- [Exercise instructions]: Scan the records below, and wherever a line has the word "import", pull it out.

(Records from a collection)
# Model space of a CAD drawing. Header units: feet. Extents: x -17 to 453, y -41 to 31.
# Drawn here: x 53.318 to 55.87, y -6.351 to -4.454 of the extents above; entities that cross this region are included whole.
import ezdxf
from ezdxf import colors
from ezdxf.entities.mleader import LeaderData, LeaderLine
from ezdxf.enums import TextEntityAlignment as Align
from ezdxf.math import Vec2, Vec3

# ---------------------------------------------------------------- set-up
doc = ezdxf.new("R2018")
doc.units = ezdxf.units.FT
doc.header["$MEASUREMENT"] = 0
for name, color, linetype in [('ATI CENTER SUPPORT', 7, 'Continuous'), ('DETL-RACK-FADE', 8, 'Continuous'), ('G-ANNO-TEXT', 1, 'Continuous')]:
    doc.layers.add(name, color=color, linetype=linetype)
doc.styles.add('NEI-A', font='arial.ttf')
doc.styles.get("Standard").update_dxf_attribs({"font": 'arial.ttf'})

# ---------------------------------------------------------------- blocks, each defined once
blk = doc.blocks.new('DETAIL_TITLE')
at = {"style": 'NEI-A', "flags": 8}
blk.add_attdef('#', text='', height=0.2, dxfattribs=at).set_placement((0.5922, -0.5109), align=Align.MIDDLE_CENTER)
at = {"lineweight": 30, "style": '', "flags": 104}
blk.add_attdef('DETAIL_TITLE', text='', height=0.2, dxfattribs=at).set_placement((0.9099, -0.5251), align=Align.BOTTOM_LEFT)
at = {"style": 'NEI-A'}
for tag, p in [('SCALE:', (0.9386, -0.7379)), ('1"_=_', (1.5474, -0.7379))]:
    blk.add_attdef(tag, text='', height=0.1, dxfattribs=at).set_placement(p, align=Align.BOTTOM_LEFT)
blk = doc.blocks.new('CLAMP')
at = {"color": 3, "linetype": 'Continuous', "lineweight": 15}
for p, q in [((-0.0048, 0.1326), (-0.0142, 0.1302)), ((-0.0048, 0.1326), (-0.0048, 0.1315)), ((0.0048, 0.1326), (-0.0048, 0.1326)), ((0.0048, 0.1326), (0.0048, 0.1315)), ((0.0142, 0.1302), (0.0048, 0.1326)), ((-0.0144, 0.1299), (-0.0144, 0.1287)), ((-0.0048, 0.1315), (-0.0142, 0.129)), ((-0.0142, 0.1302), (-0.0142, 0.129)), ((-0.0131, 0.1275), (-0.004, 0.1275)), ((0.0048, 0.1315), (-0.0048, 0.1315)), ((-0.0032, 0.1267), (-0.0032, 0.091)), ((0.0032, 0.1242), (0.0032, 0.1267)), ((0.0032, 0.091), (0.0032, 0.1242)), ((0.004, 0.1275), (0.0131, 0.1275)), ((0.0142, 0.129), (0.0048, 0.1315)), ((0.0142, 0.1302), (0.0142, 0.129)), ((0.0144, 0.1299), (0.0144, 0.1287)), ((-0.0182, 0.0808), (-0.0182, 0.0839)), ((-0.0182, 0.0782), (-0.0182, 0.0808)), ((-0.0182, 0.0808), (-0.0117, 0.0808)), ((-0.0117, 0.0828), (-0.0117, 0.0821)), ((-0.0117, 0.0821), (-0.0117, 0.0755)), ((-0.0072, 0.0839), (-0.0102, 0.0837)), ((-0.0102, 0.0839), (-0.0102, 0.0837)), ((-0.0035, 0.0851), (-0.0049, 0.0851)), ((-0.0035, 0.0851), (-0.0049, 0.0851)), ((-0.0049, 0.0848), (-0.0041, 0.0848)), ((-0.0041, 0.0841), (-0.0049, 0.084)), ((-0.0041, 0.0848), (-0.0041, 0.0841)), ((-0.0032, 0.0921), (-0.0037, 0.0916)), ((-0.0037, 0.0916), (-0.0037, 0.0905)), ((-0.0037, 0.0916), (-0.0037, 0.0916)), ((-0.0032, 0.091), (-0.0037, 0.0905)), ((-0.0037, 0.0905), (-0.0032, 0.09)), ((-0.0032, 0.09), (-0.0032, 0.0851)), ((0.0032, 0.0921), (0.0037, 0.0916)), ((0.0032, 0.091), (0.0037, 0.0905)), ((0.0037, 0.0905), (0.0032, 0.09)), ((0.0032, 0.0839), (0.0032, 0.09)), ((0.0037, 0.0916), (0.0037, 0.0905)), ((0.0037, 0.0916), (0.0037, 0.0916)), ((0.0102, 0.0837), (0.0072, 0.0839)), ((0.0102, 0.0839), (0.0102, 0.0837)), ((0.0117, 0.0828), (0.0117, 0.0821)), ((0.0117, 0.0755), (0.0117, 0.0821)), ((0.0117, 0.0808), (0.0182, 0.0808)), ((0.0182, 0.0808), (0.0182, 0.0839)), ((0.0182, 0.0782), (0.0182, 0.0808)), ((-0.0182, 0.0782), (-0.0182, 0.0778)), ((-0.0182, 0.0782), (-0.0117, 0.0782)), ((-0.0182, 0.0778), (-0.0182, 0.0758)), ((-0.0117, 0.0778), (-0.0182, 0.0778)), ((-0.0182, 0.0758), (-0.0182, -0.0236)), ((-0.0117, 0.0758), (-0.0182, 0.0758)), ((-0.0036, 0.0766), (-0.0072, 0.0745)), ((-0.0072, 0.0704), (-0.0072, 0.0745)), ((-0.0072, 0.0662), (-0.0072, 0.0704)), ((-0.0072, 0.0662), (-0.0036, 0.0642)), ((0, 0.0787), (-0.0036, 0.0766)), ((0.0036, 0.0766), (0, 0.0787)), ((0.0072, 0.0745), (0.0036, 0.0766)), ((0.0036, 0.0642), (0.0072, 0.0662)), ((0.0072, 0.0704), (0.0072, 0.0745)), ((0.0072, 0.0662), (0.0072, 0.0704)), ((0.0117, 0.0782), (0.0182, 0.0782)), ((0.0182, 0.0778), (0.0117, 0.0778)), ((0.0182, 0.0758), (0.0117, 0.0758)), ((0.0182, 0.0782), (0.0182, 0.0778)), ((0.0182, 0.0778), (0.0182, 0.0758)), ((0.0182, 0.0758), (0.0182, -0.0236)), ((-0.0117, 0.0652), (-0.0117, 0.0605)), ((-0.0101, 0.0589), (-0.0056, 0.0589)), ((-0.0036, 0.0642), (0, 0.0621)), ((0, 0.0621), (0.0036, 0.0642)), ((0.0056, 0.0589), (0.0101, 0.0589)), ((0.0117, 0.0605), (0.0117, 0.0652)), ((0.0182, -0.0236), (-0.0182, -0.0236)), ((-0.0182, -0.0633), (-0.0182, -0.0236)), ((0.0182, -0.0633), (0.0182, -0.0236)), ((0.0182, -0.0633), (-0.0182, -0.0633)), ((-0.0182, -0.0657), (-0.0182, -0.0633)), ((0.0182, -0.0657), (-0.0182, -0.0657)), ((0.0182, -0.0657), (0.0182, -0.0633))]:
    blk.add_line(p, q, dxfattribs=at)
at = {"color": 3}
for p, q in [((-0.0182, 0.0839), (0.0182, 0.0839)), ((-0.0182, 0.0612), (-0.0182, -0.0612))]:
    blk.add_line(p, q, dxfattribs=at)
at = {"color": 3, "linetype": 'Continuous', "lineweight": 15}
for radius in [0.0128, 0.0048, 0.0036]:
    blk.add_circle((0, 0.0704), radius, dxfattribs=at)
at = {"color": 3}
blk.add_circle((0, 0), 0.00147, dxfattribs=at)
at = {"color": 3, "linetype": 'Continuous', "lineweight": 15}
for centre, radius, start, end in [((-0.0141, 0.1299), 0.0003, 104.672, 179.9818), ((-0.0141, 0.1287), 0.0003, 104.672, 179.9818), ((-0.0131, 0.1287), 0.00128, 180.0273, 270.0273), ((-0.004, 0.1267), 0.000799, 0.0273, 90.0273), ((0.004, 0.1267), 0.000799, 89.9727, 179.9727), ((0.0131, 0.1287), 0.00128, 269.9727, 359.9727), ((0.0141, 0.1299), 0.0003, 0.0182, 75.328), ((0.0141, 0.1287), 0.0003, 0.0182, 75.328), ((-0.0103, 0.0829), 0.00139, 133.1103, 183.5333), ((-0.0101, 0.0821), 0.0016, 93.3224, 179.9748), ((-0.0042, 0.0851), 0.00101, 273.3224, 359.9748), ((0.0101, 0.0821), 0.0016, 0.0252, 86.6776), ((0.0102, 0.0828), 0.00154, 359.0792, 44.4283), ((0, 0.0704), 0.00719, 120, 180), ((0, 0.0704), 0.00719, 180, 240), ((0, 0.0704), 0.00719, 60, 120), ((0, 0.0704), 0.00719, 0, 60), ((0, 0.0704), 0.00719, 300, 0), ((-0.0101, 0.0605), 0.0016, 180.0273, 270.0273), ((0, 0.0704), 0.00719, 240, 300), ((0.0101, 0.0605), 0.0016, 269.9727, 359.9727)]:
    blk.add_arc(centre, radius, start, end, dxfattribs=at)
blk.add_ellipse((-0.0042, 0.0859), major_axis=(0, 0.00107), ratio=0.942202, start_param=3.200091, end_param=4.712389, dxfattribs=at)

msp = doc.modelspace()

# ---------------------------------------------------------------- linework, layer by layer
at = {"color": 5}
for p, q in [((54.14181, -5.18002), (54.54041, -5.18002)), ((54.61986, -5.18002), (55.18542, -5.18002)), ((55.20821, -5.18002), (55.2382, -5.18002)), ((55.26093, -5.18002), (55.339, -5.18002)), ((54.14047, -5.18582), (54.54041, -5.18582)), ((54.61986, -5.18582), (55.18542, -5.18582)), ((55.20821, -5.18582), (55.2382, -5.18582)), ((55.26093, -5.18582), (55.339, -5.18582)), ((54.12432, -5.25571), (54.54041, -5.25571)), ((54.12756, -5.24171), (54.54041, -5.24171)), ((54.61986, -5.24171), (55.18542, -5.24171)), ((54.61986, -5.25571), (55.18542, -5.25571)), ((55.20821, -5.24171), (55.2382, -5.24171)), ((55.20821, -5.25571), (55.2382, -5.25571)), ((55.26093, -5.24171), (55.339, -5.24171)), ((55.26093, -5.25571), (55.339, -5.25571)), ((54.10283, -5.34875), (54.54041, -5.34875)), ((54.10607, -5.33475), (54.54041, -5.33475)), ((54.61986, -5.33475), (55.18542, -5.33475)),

- [Reply]:
import ezdxf
from ezdxf import colors
from ezdxf.entities.mleader import LeaderData, LeaderLine
from ezdxf.enums import TextEntityAlignment as Align
from ezdxf.math import Vec2, Vec3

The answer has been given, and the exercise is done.